What ABS is doing, on the other hand, is evil. ABS doesn't just happen to believe in a position that is evil, she acts as an apologist for evil and she does so by employing techniques that are dishonest and that are employed in brainwashing (no joke, you can read about them yourself in the book I mentioned earlier by psychologist Joost Meerloo).

In that situation I'm not going to make a distinction between the evil of the position and ignore the evil of the apologist. The guilt of the apologist should be brought to bear upon herself, so that perhaps her conscience can be awakened and she can repent or so that the audience (whoever happens to be seeing the interaction) can get a full view of what's really going on with this charlatan.

As for you appeals to Bible passages about judging:

http://str.typepad.com/weblog/2005/06/judging_is_a_ne.html

These moral monsters are actually just us, grown up in a slightly different family or a slightly different church, and not yet drawn to Jesus and his generosity.

Recognizing that we could be in the same position, but for the grace of God, doesn't change the fact that some moral monsters need to be exposed as such or that moral shame serves a useful function in our society.

It's my thought that the apologist's message boils down to this: "Friend- you don't really believe that, do you?

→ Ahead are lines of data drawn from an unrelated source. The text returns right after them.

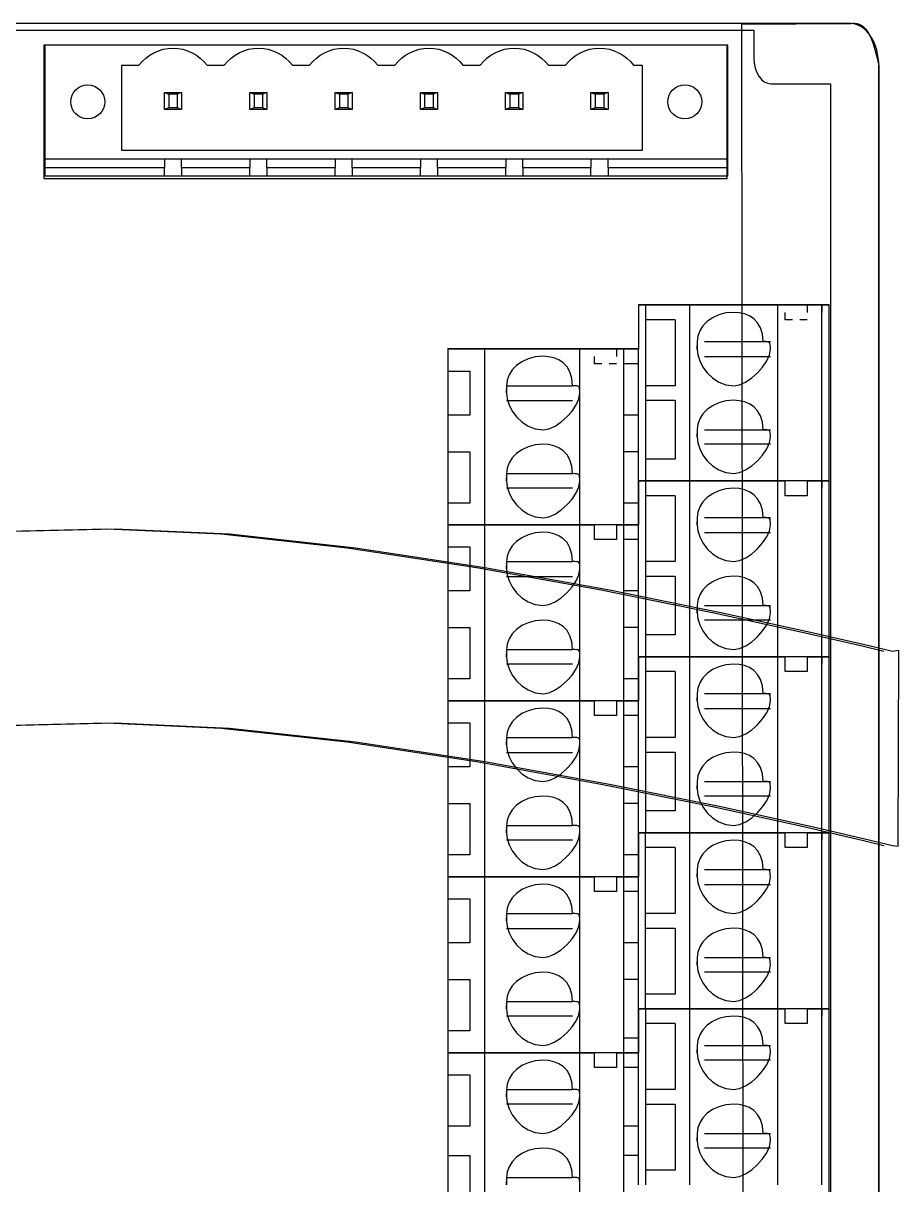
# Model space of a CAD drawing. Header units: metres. Extents: x 0 to 595, y 0 to 842.
# Drawn here: x 357.3 to 405.5, y 492.2 to 556.1 of the extents above; entities that cross this region are included whole.
import ezdxf

# ---------------------------------------------------------------- set-up
doc = ezdxf.new("R2010")
doc.units = ezdxf.units.M
doc.layers.add('SCHEMATICS', color=7, linetype='Continuous')

msp = doc.modelspace()

# ---------------------------------------------------------------- linework, layer by layer
at = {"layer": 'SCHEMATICS', "color": 7}
for p, q in [((402.861, 556.114), (219.936, 556.114)), ((396.866, 556.076), (402.86, 556.115)), ((396.989, 447.941), (396.866, 556.076)), ((403.014, 556.102), (402.861, 556.114)), ((403.162, 556.066), (403.014, 556.102)), ((403.309, 556.014), (403.162, 556.066)), ((403.453, 555.931), (403.309, 556.014)), ((403.59, 555.832), (403.453, 555.931)), ((403.719, 555.718), (403.59, 555.832)), ((223.3, 555.753), (397.534, 555.753)), ((397.534, 555.753), (397.534, 554.277)), ((403.842, 555.58), (403.719, 555.718)), ((403.954, 555.426), (403.842, 555.58)), ((404.056, 555.252), (403.954, 555.426)), ((404.148, 555.07), (404.056, 555.252)), ((404.223, 554.869), (404.148, 555.07)), ((404.287, 554.661), (404.223, 554.869)), ((404.34, 554.443), (404.287, 554.661)), ((404.376, 554.218), (404.34, 554.443)), ((404.4, 553.993), (404.376, 554.218)), ((404.407, 553.764), (404.4, 553.993)), ((362.752, 549.129), (362.752, 553.82)), ((362.752, 553.82), (363.691, 553.82)), ((367.444, 553.82), (368.383, 553.82)), ((372.138, 553.82), (373.075, 553.82)), ((376.831, 553.82), (377.772, 553.82)), ((381.521, 553.82), (382.464, 553.82)), ((386.222, 553.82), (387.162, 553.82)), ((390.912, 553.82), (391.384, 553.82)), ((391.384, 553.82), (391.384, 549.129)), ((404.407, 553.764), (404.407, 450.272)), ((404.407, 450.272), (404.407, 553.764)), ((398.507, 552.801), (401.741, 552.801)), ((401.741, 552.801), (401.741, 451.239)), ((365.099, 552.319), (365.332, 552.223)), ((365.332, 552.223), (365.332, 551.47)), ((365.803, 552.223), (365.332, 552.223)), ((366.037, 552.319), (365.803, 552.223)), ((365.803, 552.223), (365.803, 551.47)), ((369.788, 552.319), (370.026, 552.223)), ((370.026, 552.223), (370.026, 551.47)), ((370.495, 552.223), (370.027, 552.223)), ((370.732, 552.319), (370.495, 552.223)), ((370.495, 552.223), (370.495, 551.47)), ((374.483, 552.319), (374.721, 552.223)), ((374.721, 552.223), (374.721, 551.47)), ((375.187, 552.223), (374.722, 552.223)), ((375.422, 552.319), (375.187, 552.223)), ((375.187, 552.223), (375.187, 551.47)), ((379.179, 552.319), (379.412, 552.223)), ((379.412, 552.223), (379.412, 551.47)), ((379.881, 552.223), (379.412, 552.223)), ((380.117, 552.319), (379.881, 552.223)), ((379.881, 552.223), (379.881, 551.47)), ((383.869, 552.319), (384.105, 552.223)), ((384.105, 552.223), (384.105, 551.47)), ((384.576, 552.223), (384.105, 552.223)), ((384.81, 552.319), (384.576, 552.223)), ((384.576, 552.223), (384.576, 551.47)), ((388.562, 552.319), (388.799, 552.223)), ((388.799, 552.223), (388.799, 551.47)), ((389.269, 552.223), (388.8, 552.223)), ((389.5, 552.319), (389.269, 552.223)), ((389.269, 552.223), (389.269, 551.47)), ((365.332, 551.47), (365.099, 551.376)), ((365.803, 551.47), (365.332, 551.47)), ((366.037, 551.376), (365.803, 551.47)), ((370.026, 551.47), (369.788, 551.376)), ((370.495, 551.47), (370.027, 551.47)), ((370.732, 551.376), (370.495, 551.47)), ((374.721, 551.47), (374.483, 551.376)), ((375.187, 551.47), (374.722, 551.47)), ((375.422, 551.376), (375.187, 551.47)), ((379.412, 551.47), (379.179, 551.376)), ((379.881, 551.47), (379.412, 551.47)), ((380.117, 551.376), (379.881, 551.47)), ((384.105, 551.47), (383.869, 551.376)), ((384.576, 551.47), (384.105, 551.47)), ((384.81, 551.376), (384.576, 551.47)), ((388.799, 551.47), (388.562, 551.376)), ((389.269, 551.47), (388.8, 551.47)), ((389.5, 551.376), (389.269, 551.47)), ((391.384, 549.129), (362.752, 549.129)), ((358.528, 548.188), (358.528, 548.655)), ((358.528, 547.717), (358.528, 548.188)), ((358.528, 548.188), (365.101, 548.188)), ((365.101, 548.655), (365.101, 548.188)), ((365.101, 547.717), (365.101, 548.188)), ((366.038, 548.188), (366.038, 548.655)), ((366.038, 548.188), (366.038, 547.717)), ((366.038, 548.188), (369.79, 548.188)), ((369.79, 548.655), (369.79, 548.188)), ((369.79, 547.717), (369.79, 548.188)), ((370.733, 548.188), (370.733, 548.655)), ((370.733, 548.188), (374.485, 548.188)), ((370.733, 548.188), (370.733, 547.717)), ((374.485, 548.655), (374.485, 548.188)), ((374.485, 547.717), (374.485, 548.188)), ((375.424, 548.188), (375.424, 548.655)), ((375.424, 548.188), (379.182, 548.188)), ((375.424, 548.188), (375.424, 547.717)), ((379.182, 548.655), (379.182, 548.188)), ((379.182, 547.717), (379.182, 548.188)), ((380.12, 548.188), (380.12, 548.655)), ((380.12, 548.188), (380.12, 547.717)), ((380.12, 548.188), (383.873, 548.188)), ((383.873, 548.655), (383.873, 548.188)), ((383.873, 547.717), (383.873, 548.188)), ((384.812, 548.188), (384.812, 548.655)), ((384.812, 548.188), (388.565, 548.188)), ((384.812, 548.188), (384.812, 547.717)), ((388.565, 548.655), (388.565, 548.188)), ((388.565, 547.717), (388.565, 548.188)), ((389.503, 548.188), (389.503, 548.655)), ((389.503, 548.188), (396.081, 548.188)), ((389.503, 548.188), (389.503, 547.717)), ((396.081, 548.655), (396.081, 548.188)), ((396.081, 548.188), (396.081, 547.717)), ((396.081, 547.718), (358.527, 547.718)), ((401.669, 540.618), (391.172, 540.618)), ((391.172, 540.618), (391.172, 538.195)), ((391.174, 540.614), (391.174, 538.191)), ((399.25, 540.614), (391.174, 540.614)), ((391.576, 530.925), (391.576, 540.614)), ((393.999, 530.925), (393.999, 540.614)), ((398.843, 530.925), (398.843, 540.614)), ((400.459, 540.614), (399.25, 540.614)), ((400.458, 540.614), (400.458, 540.21)), ((401.671, 540.614), (400.459, 540.614)), ((401.263, 540.614), (401.263, 540.21)), ((401.265, 530.925), (401.265, 540.614)), ((401.669, 463.108), (401.669, 540.618)), ((401.671, 530.925), (401.671, 540.614)), ((399.249, 539.805), (399.249, 540.21)), ((393.193, 539.805), (391.576, 539.805)), ((393.193, 539.806), (393.193, 536.173)), ((399.651, 539.805), (399.249, 539.805)), ((400.458, 539.805), (400.056, 539.805)), ((394.405, 538.599), (394.405, 538.192)), ((394.806, 538.598), (398.438, 538.598)), ((391.172, 538.195), (380.683, 538.227)), ((380.683, 538.227), (380.683, 460.687)), ((380.685, 538.192), (380.685, 528.505)), ((388.755, 538.191), (380.685, 538.191)), ((382.704, 538.191), (382.704, 528.504)), ((387.95, 528.504), (387.95, 538.191)), ((389.966, 538.191), (388.755, 538.191)), ((391.174, 538.191), (389.966, 538.191)), ((389.966, 538.191), (389.966, 537.789)), ((390.37, 528.504), (390.37, 538.191)), ((391.173, 530.925), (391.173, 538.191)), ((388.755, 537.382), (388.755, 537.789)), ((389.157, 537.382), (388.755, 537.382)), ((389.966, 537.382), (389.561, 537.382)), ((390.771, 537.383), (390.369, 537.383)), ((391.173, 537.383), (390.771, 537.383)), ((398.438, 537.759), (394.806, 537.759)), ((380.684, 536.981), (381.895, 536.981)), ((381.895, 536.981), (381.895, 534.558)), ((383.912, 536.173), (383.912, 535.771)), ((383.913, 536.172), (387.546, 536.172)), ((393.193, 536.173), (391.576, 536.173)), ((391.576, 535.367), (393.193, 535.367)), ((393.193, 535.367), (393.193, 532.133)), ((387.546, 535.335), (383.913, 535.335)), ((381.894, 534.559), (380.683, 534.559)), ((390.771, 534.559), (390.369, 534.559)), ((391.173, 534.559), (390.771, 534.559)), ((394.405, 533.751), (394.405, 533.349)), ((394.806, 533.751), (398.438, 533.751)), ((398.438, 532.947), (394.806, 532.947)), ((380.683, 532.538), (381.894, 532.538)), ((381.894, 532.538), (381.894, 529.709)), ((390.771, 532.538), (390.369, 532.538)), ((391.173, 532.538), (390.771, 532.538)), ((393.194, 532.133), (391.577, 532.133)), ((383.912, 531.329), (383.912, 530.925)), ((383.913, 531.33), (387.546, 531.33)), ((391.174, 530.926), (399.25, 530.926)), ((391.174, 528.505), (391.174, 530.926)), ((391.175, 530.929), (391.175, 528.508)), ((399.251, 530.929), (391.175, 530.929)), ((391.577, 521.235), (391.577, 530.928)), ((394, 521.235), (394, 530.928)), ((398.844, 521.236), (398.844, 530.929)), ((399.248, 530.113), (399.248, 530.926)), ((400.46, 530.929), (399.251, 530.929)), ((400.457, 530.926), (400.457, 530.113)), ((400.459, 530.929), (400.459, 530.527)), ((400.459, 530.926), (401.671, 530.926)), ((401.672, 530.929), (400.46, 530.929)), ((401.264, 530.928), (401.264, 530.526)), ((401.266, 521.236), (401.266, 530.929)), ((401.672, 521.236), (401.672, 530.929)), ((387.546, 530.524), (383.913, 530.524)), ((399.25, 530.116), (399.25, 530.527)), ((381.894, 529.709), (380.683, 529.709)), ((390.771, 529.709), (390.369, 529.709)), ((391.173, 529.709), (390.771, 529.709)), ((393.194, 530.115), (391.577, 530.115)), ((393.194, 530.116), (393.194, 526.487)), ((400.457, 530.113), (399.248, 530.113)), ((399.652, 530.116), (399.25, 530.116)), ((400.459, 530.116), (400.057, 530.116)), ((380.685, 528.505), (388.755, 528.505)), ((388.756, 528.508), (380.686, 528.508)), ((380.686, 528.508), (380.686, 518.815)), ((382.705, 528.508), (382.705, 518.815)), ((387.951, 518.815), (387.951, 528.508)), ((388.754, 527.696), (388.754, 528.505)), ((389.967, 528.508), (388.756, 528.508)), ((389.965, 528.505), (389.965, 527.696)), ((389.966, 528.505), (391.174, 528.505)), ((391.175, 528.508), (389.967, 528.508)), ((389.967, 528.508), (389.967, 528.1)), ((390.371, 518.815), (390.371, 528.508)), ((391.174, 521.236), (391.174, 528.508)), ((394.406, 528.908), (394.406, 528.507)), ((394.807, 528.909), (398.439, 528.909)), ((389.965, 527.696), (388.754, 527.696)), ((388.756, 527.699), (388.756, 528.1)), ((389.158, 527.699), (388.756, 527.699)), ((389.967, 527.699), (389.562, 527.699)), ((390.772, 527.699), (390.37, 527.699)), ((391.174, 527.699), (390.772, 527.699)), ((398.439, 528.075), (394.807, 528.075)), ((380.685, 527.292), (381.896, 527.292)), ((381.896, 527.292), (381.896, 524.875)), ((383.913, 526.487), (383.913, 526.08)), ((383.914, 526.488), (387.547, 526.488)), ((393.194, 526.487), (391.577, 526.487)), ((387.547, 525.649), (383.914, 525.649)), ((391.577, 525.679), (393.194, 525.679)), ((393.194, 525.679), (393.194, 522.452)), ((381.895, 524.874), (380.684, 524.874)), ((390.772, 524.875), (390.37, 524.875)), ((391.174, 524.875), (390.772, 524.875)), ((394.406, 524.064), (394.406, 523.657)), ((394.807, 524.064), (398.439, 524.064)), ((398.439, 523.256), (394.807, 523.256)), ((380.684, 522.853), (381.895, 522.853)), ((381.895, 522.853), (381.895, 520.024)), ((390.772, 522.854), (390.37, 522.854)), ((391.174, 522.854), (390.772, 522.854)), ((393.195, 522.452), (391.578, 522.452)), ((383.913, 521.643), (383.913, 521.235)), ((383.914, 521.643), (387.547, 521.643)), ((405.502, 521.585), (405.151, 521.531)), ((405.465, 510.815), (405.502, 521.585)), ((387.547, 520.835), (383.914, 520.835)), ((391.175, 521.24), (391.175, 518.819)), ((399.251, 521.24), (391.175, 521.24)), ((391.175, 521.236), (399.251, 521.236)), ((391.175, 518.815), (391.175, 521.236)), ((391.577, 511.551), (391.577, 521.24)), ((394, 511.551), (394, 521.24)), ((398.844, 511.551), (398.844, 521.24)), ((399.249, 520.431), (399.249, 521.235)), ((399.25, 520.436), (399.25, 520.84)), ((400.46, 521.24), (399.251, 521.24)), ((400.458, 521.235), (400.458, 520.431)), ((400.459, 521.24), (400.459, 520.839)), ((401.672, 521.24), (400.46, 521.24)), ((400.46, 521.236), (401.672, 521.236)), ((401.264, 521.24), (401.264, 520.839)), ((401.266, 511.551), (401.266, 521.24)), ((401.672, 511.551), (401.672, 521.24)), ((381.895, 520.024), (380.684, 520.024)), ((390.772, 520.025), (390.37, 520.025)), ((391.174, 520.025), (390.772, 520.025)), ((393.194, 520.436), (391.577, 520.436)), ((393.194, 520.436), (393.194, 516.798)), ((400.458, 520.431), (399.249, 520.431)), ((399.652, 520.436), (399.25, 520.436)), ((400.459, 520.436), (400.057, 520.436)), ((380.683, 518.814), (380.683, 509.125)), ((388.756, 518.819), (380.686, 518.819)), ((380.686, 518.815), (388.756, 518.815)), ((382.705, 518.819), (382.705, 509.13)), ((387.951, 509.13), (387.951, 518.819)), ((388.755, 518.01), (388.755, 518.814)), ((389.967, 518.819), (388.756, 518.819)), ((389.966, 518.814), (389.966, 518.01)), ((391.175, 518.819), (389.967, 518.819)), ((389.967, 518.819), (389.967, 518.415)), ((389.967, 518.815), (391.175, 518.815)), ((390.371, 509.13), (390.371, 518.819)), ((391.174, 511.551), (391.174, 518.819)), ((394.406, 519.219), (394.406, 518.818)), ((394.807, 519.219), (398.439, 519.219)), ((388.756, 518.015), (388.756, 518.416)), ((398.439, 518.385), (394.807, 518.385)), ((380.685, 517.611), (381.896, 517.611)), ((381.896, 517.611), (381.896, 515.185)), ((389.966, 518.01), (388.755, 518.01)), ((389.158, 518.015), (388.756, 518.015)), ((389.967, 518.015), (389.562, 518.015)), ((390.772, 518.015), (390.37, 518.015)), ((391.174, 518.015), (390.772, 518.015)), ((383.913, 516.798), (383.913, 516.396)), ((383.914, 516.798), (387.547, 516.798)), ((393.194, 516.798), (391.577, 516.798)), ((387.547, 515.964), (383.914, 515.964)), ((391.577, 515.994), (393.194, 515.994)), ((393.194, 515.994), (393.194, 512.763)), ((381.895, 515.186), (380.684, 515.186)), ((390.769, 515.181), (390.367, 515.181)), ((391.171, 515.181), (390.769, 515.181)), ((394.406, 514.381), (394.406, 513.973)), ((394.807, 514.382), (398.439, 514.382)), ((380.684, 513.165), (381.895, 513.165)), ((381.895, 513.165), (381.895, 510.342)), ((390.769, 513.16), (390.367, 513.16)), ((391.171, 513.16), (390.769, 513.16)), ((398.439, 513.572), (394.807, 513.572)), ((393.192, 512.758), (391.575, 512.758)), ((383.913, 511.955), (383.913, 511.551)), ((383.914, 511.955), (387.547, 511.955)), ((387.547, 511.151), (383.914, 511.151)), ((391.172, 511.546), (399.248, 511.546)), ((391.172, 509.125), (391.172, 511.546)), ((391.173, 511.545), (391.173, 509.124)), ((399.249, 511.545), (391.173, 511.545)), ((391.575, 501.857), (391.575, 511.544)), ((393.998, 501.857), (393.998, 511.544)), ((398.842, 501.858), (398.842, 511.545)), ((399.248, 510.741), (399.248, 511.145)), ((399.249, 510.747), (399.249, 511.551)), ((400.458, 511.545), (399.249, 511.545)), ((400.457, 511.546), (401.669, 511.546)), ((400.457, 511.545), (400.457, 511.144)), ((400.458, 511.551), (400.458, 510.747)), ((401.67, 511.545), (400.458, 511.545)), ((401.262, 511.544), (401.262, 511.143)), ((401.264, 501.858), (401.264, 511.545)), ((401.67, 501.858), (401.67, 511.545)), ((393.192, 510.74), (391.575, 510.74)), ((393.192, 510.742), (393.192, 507.104)), ((399.65, 510.741), (399.248, 510.741)), ((400.458, 510.747), (399.249, 510.747)), ((400.457, 510.741), (400.055, 510.741)), ((405.151, 510.861), (405.465, 510.815)), ((381.895, 510.342), (380.684, 510.342)), ((390.769, 510.337), (390.367, 510.337)), ((391.171, 510.337), (390.769, 510.337)), ((388.755, 508.321), (388.755, 509.13)), ((389.966, 509.13), (389.966, 508.321)), ((394.404, 509.527), (394.404, 509.125)), ((394.805, 509.527), (398.437, 509.527)), ((380.683, 509.125), (388.753, 509.125)), ((388.754, 509.124), (380.684, 509.124)), ((380.684, 509.123), (380.684, 499.43)), ((382.703, 509.124), (382.703, 499.431)), ((387.949, 499.431), (387.949, 509.124)), ((389.965, 509.124), (388.754, 509.124)), ((388.754, 508.315), (388.754, 508.72)), ((389.964, 509.125), (391.172, 509.125)), ((391.173, 509.124), (389.965, 509.124)), ((389.965, 509.124), (389.965, 508.72)), ((390.369, 499.431), (390.369, 509.124)), ((391.172, 501.858), (391.172, 509.124)), ((398.437, 508.691), (394.805, 508.691)), ((380.683, 507.913), (381.894, 507.913)), ((381.894, 507.913), (381.894, 505.492)), ((389.156, 508.315), (388.754, 508.315)), ((389.966, 508.321), (388.755, 508.321)), ((389.965, 508.315), (389.56, 508.315)), ((390.77, 508.315), (390.368, 508.315)), ((391.172, 508.315), (390.77, 508.315)), ((383.911, 507.104), (383.911, 506.703)), ((383.912, 507.104), (387.545, 507.104)), ((393.192, 507.104), (391.575, 507.104)), ((387.545, 506.27), (383.912, 506.27)), ((391.575, 506.296), (393.192, 506.296)), ((393.192, 506.296), (393.192, 502.663)), ((381.893, 505.49), (380.682, 505.49)), ((390.77, 505.49), (390.368, 505.49)), ((391.172, 505.49), (390.77, 505.49)), ((394.404, 504.683), (394.404, 504.279)), ((394.805, 504.682), (398.437, 504.682)), ((380.682, 503.469), (381.893, 503.469)), ((381.893, 503.469), (381.893, 500.646)), ((390.77, 503.469), (390.368, 503.469)), ((391.172, 503.469), (390.77, 503.469)), ((398.437, 503.873), (394.805, 503.873)), ((383.911, 502.259), (383.911, 501.857)), ((383.912, 502.259), (387.545, 502.259)), ((393.193, 502.661), (391.576, 502.661)), ((387.545, 501.455), (383.912, 501.455)), ((391.173, 501.857), (399.249, 501.857)), ((391.173, 499.43), (391.173, 501.857)), ((391.174, 501.861), (391.174, 499.434)), ((399.25, 501.861), (391.174, 501.861)), ((391.576, 492.171), (391.576, 501.86)), ((393.999, 492.171), (393.999, 501.86)), ((398.843, 492.172), (398.843, 501.861)), ((399.247, 501.048), (399.247, 501.857)), ((399.249, 501.458), (399.249, 501.86)), ((399.249, 501.051), (399.249, 501.458)), ((400.459, 501.861), (399.25, 501.861)), ((400.456, 501.857), (400.456, 501.048)), ((400.458, 501.86), (400.458, 501.458)), ((400.458, 501.857), (401.67, 501.857)), ((401.671, 501.861), (400.459, 501.861)), ((401.263, 501.86), (401.263, 501.458)), ((401.265, 492.172), (401.265, 501.861)), ((401.671, 492.172), (401.671, 501.861)), ((393.193, 501.051), (391.576, 501.051)), ((393.193, 501.052), (393.193, 497.417)), ((400.456, 501.048), (399.247, 501.048)), ((399.651, 501.051), (399.249, 501.051)), ((400.458, 501.051), (400.056, 501.051)), ((381.893, 500.646), (380.682, 500.646)), ((390.77, 500.238), (390.368, 500.238)), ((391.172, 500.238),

Please, come back to your senses and trust Jesus!"

I don't see why the apologist should have the same message for every situation and I don't see why the apologist should always assume that a person doesn't believe what they say they do.

This is only possible if the apologist trusts that all the anger and all the abuse is directed toward Jesus, not him or her, so as not to get mad at slights.

That's fine... But I don't see what it has to do with my conversation here since I never got angry about any "slights" directed toward me. Any emotion I had was not on behalf of myself but on behalf of the millions of children that are being murdered, which ABS is trying to protect.

Here is something Tim Keller tweeted a few days ago: "The greater our love for someone, the greater our potential for anger at what is destructive in their lives."

Likewise, W.G.T. Shedd wrote "if there be no love of righteousness, there is no anger at sin, and, conversely, if there be no anger at sin, there is no love of righteousness."

Anger isn't always appropriate and I'm not trying to say that because Shedd or Keller said this that it automatically justifies my response in this conversation. But I think it's true that just because we are mad about something this does not mean are being mad is inappropriate.

I think that there's an important role for believers in humbly...

I don't think "mad" or "angry" is the opposite of humble, such that in order to be mad you have to throw out humility.

Hi Italics for President 2016,

Getting a feel from your response, I don't sense that you have any open criticism for me to respond to but that you are deliberately developing your position in a defensible way.

I think you're really on to something in calling-out progressives on their moral shaming rhetoric. It's not a thought I had really formed before. I think based on this, the following question arises in situations as when the Human Rights Coalition calls South Dakota's new laws "vile" and "shameful": What is the moral framework that defines vileness and shame? Let's bring that framework to the forefront explicitly and evaluate it on its merits. Is it self-consistent? Is it coherent? Does it actually protect the people it purposes to protect? Does it avoid the fallacy of redistributing injustice as happened during the French and Soviet Revolutions, instead of reducing injustice as any moral thought really should do?

In my opinion, God's morality isn't arbitrary or based on divine whim but it's actually really good and it beats the competition on its merits. I think this conversation, suggested by your resistance to progressive morality shaming of conservative ideas, could be a fruitful area for apologetics.

Read this today: http://www.challies.com/articles/the-character-of-the-christian-gentle

And it raises a doubt as to my method here and so perhaps I should err on the side of caution. Perhaps there are ways to bring the force of moral depravity to bear upon someone that are less biting my words here.